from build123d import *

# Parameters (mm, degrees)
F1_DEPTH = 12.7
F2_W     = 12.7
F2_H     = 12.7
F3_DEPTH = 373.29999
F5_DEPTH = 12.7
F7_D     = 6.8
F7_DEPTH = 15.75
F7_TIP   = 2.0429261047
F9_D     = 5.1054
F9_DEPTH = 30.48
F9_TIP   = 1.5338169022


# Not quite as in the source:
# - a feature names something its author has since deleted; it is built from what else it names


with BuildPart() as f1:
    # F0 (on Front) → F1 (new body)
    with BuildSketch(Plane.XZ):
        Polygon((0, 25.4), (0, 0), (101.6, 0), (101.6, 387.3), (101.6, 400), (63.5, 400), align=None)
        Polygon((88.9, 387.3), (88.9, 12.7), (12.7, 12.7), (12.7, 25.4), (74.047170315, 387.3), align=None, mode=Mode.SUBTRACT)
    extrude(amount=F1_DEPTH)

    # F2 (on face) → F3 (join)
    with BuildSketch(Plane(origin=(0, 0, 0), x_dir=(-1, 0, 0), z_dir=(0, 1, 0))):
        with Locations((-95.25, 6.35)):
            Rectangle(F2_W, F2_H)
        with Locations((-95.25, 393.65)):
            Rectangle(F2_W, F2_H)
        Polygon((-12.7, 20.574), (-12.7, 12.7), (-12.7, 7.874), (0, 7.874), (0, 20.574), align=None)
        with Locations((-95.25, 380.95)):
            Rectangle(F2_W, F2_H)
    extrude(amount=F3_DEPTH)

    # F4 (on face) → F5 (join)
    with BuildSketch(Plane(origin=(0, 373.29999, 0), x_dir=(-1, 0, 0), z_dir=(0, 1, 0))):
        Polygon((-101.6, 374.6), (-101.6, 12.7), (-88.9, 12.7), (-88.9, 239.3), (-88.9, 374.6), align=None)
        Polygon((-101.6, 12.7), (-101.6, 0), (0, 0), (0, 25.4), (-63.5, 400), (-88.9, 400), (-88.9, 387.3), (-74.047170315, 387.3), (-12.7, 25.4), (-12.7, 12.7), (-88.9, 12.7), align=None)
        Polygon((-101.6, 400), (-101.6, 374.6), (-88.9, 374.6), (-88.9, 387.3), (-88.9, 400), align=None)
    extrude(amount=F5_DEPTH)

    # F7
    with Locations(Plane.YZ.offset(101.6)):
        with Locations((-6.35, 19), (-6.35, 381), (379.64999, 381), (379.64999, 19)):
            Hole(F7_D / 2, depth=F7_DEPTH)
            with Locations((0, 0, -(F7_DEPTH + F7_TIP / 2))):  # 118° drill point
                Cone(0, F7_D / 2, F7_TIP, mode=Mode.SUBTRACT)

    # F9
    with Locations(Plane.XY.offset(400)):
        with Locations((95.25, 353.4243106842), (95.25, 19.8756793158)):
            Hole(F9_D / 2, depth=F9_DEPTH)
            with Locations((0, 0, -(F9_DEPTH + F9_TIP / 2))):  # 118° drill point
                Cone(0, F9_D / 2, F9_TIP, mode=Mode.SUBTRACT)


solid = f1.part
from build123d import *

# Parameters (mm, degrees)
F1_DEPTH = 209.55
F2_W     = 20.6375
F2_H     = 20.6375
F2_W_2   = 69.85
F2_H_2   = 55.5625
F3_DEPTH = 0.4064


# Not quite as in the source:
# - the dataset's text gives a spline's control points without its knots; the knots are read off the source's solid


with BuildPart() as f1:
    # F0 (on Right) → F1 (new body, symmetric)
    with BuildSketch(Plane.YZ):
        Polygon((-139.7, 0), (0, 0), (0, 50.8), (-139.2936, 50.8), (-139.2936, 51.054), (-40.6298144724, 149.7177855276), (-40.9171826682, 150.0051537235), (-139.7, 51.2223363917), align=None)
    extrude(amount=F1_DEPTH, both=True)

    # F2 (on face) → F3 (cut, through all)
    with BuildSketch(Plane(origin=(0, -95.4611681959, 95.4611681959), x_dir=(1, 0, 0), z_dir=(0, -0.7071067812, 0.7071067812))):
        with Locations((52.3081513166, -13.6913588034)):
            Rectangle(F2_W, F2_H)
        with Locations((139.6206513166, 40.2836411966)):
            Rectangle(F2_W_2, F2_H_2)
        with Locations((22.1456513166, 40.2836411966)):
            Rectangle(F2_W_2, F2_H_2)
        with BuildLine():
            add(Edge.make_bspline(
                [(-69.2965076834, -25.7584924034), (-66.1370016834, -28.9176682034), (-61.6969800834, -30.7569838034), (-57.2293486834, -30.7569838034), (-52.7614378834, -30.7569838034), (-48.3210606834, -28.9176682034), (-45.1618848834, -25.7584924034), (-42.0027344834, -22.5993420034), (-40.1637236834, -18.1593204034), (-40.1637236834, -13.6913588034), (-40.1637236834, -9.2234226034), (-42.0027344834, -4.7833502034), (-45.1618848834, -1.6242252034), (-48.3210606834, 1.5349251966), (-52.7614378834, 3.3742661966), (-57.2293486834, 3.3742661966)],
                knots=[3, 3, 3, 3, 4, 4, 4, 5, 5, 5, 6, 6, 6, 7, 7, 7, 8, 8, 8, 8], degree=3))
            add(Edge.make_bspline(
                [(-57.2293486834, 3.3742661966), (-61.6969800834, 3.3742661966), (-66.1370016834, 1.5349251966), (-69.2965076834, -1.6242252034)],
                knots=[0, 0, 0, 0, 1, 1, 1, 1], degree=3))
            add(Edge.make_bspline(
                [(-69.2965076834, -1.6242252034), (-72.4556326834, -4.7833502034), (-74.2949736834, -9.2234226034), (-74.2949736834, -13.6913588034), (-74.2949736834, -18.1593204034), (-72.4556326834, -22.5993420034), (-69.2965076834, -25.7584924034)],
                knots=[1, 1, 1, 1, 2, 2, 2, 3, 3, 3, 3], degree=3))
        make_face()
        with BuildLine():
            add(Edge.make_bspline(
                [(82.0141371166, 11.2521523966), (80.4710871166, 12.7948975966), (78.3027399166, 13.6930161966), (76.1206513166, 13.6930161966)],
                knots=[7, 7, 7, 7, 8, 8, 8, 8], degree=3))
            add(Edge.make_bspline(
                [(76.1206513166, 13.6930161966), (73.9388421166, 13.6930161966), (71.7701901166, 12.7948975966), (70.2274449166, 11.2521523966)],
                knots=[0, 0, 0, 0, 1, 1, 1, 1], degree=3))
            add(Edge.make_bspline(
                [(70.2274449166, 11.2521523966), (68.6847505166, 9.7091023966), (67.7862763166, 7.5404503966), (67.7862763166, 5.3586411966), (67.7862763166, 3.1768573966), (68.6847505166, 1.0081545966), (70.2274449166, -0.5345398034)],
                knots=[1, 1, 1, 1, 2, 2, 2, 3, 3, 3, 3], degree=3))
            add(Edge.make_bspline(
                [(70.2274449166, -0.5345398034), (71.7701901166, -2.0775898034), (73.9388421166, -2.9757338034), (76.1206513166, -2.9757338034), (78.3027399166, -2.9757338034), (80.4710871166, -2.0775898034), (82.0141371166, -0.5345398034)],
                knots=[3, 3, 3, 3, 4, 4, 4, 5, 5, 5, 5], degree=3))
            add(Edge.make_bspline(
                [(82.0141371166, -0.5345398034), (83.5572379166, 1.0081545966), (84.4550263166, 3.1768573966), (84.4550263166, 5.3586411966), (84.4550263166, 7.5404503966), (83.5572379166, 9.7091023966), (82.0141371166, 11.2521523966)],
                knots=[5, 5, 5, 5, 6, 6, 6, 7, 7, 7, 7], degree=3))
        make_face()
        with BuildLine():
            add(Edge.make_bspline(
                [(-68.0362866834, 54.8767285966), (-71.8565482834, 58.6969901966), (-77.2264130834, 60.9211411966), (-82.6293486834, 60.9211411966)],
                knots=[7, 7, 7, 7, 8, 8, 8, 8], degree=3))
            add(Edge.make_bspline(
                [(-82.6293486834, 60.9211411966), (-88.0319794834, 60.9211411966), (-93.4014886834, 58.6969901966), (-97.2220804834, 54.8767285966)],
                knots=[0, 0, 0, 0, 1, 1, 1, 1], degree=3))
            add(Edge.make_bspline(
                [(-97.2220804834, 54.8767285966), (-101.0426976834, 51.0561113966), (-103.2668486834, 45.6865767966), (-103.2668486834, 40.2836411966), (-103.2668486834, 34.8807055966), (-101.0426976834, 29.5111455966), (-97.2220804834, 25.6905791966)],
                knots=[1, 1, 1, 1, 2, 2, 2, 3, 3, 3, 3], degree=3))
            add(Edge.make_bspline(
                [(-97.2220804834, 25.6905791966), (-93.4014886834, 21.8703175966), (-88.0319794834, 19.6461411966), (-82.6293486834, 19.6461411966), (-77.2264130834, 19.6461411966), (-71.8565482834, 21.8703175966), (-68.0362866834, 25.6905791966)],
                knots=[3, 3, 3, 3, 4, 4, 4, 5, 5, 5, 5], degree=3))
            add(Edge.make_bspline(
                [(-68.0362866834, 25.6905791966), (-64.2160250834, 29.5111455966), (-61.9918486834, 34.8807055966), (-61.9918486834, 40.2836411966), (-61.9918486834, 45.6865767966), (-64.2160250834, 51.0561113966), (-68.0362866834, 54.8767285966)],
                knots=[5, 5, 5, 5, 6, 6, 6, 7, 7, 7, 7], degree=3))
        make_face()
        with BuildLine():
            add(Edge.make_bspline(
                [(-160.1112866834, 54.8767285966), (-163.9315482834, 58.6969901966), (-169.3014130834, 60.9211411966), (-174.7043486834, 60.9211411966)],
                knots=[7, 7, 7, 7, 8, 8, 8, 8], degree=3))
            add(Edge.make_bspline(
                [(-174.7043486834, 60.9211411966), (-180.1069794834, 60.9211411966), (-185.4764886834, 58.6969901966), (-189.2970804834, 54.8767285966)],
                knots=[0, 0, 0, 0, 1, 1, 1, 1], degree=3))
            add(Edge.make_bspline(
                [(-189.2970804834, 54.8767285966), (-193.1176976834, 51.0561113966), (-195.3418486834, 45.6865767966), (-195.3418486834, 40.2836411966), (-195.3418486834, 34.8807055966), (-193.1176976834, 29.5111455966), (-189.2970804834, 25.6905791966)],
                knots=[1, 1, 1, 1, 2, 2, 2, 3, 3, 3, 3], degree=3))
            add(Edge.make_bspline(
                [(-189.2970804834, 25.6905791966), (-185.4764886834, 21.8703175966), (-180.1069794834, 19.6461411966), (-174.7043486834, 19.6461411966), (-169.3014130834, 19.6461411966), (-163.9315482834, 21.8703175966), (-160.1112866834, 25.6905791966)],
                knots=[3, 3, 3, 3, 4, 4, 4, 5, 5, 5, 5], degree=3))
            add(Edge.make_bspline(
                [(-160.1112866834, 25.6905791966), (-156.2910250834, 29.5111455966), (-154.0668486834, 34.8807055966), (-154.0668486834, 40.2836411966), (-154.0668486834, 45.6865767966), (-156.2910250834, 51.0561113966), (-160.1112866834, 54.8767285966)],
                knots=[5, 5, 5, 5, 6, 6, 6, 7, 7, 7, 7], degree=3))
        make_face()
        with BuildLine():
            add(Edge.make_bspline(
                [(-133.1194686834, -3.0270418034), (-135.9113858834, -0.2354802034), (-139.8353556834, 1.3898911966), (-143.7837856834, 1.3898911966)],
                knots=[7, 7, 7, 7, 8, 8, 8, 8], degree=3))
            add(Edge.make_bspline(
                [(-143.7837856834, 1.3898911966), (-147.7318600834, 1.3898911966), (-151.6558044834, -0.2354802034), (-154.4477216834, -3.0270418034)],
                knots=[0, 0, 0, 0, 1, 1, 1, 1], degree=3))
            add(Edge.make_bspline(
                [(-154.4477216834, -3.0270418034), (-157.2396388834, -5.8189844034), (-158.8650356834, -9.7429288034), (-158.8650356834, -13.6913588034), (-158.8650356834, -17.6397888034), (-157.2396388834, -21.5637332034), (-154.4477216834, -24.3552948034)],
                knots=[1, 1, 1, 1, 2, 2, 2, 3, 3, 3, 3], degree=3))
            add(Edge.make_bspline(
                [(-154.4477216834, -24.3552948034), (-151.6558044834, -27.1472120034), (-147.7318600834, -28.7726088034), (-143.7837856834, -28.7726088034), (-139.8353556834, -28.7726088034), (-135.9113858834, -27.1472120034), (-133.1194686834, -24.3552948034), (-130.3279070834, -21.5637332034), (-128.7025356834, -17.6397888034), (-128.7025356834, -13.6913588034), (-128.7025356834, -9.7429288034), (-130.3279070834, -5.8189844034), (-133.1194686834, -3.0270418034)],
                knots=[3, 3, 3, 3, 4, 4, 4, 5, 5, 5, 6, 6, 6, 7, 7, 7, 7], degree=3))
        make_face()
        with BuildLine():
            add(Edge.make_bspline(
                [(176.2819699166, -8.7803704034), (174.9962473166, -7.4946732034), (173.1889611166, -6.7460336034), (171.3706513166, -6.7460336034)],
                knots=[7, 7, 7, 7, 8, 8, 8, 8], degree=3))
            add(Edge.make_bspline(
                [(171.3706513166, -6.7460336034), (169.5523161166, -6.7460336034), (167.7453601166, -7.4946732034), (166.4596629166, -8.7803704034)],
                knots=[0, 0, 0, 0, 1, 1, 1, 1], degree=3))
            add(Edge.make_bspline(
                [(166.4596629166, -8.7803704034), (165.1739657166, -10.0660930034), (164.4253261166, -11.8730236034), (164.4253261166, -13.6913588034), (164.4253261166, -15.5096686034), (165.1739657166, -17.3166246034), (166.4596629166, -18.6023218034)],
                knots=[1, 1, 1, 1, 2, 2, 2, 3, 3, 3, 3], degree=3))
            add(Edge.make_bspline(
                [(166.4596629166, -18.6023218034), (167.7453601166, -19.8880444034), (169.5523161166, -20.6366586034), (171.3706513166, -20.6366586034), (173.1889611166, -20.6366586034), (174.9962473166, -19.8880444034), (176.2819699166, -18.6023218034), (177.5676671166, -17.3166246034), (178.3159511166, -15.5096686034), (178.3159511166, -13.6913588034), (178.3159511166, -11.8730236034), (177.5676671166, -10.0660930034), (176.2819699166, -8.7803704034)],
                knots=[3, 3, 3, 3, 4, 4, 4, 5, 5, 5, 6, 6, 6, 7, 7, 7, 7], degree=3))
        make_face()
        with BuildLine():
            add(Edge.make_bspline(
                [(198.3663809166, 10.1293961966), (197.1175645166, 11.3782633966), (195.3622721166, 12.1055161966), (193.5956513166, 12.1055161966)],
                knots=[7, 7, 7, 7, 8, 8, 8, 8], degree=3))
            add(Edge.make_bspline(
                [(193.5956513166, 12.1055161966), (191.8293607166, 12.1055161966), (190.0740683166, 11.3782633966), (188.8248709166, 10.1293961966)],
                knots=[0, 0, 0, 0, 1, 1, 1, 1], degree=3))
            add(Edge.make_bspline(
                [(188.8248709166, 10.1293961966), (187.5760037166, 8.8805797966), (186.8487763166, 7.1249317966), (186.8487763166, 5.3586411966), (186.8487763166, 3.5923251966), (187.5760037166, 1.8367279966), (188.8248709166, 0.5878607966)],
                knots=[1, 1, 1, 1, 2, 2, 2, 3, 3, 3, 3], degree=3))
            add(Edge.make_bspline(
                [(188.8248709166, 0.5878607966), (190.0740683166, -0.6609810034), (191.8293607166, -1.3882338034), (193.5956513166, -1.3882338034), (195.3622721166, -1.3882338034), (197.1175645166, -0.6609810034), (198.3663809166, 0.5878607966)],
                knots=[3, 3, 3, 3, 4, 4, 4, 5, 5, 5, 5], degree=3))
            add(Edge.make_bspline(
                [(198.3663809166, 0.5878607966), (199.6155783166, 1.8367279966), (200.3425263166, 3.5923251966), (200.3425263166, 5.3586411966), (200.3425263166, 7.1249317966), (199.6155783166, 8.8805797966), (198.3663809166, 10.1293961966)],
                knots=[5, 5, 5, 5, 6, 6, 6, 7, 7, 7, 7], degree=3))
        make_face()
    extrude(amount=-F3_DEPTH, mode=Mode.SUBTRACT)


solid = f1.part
★ ★ ★ ★ ★
Exercise description: Pull out every line above that holds the word "Cone".

Finished exercise:
                Cone(0, F7_D / 2, F7_TIP, mode=Mode.SUBTRACT)
                Cone(0, F9_D / 2, F9_TIP, mode=Mode.SUBTRACT)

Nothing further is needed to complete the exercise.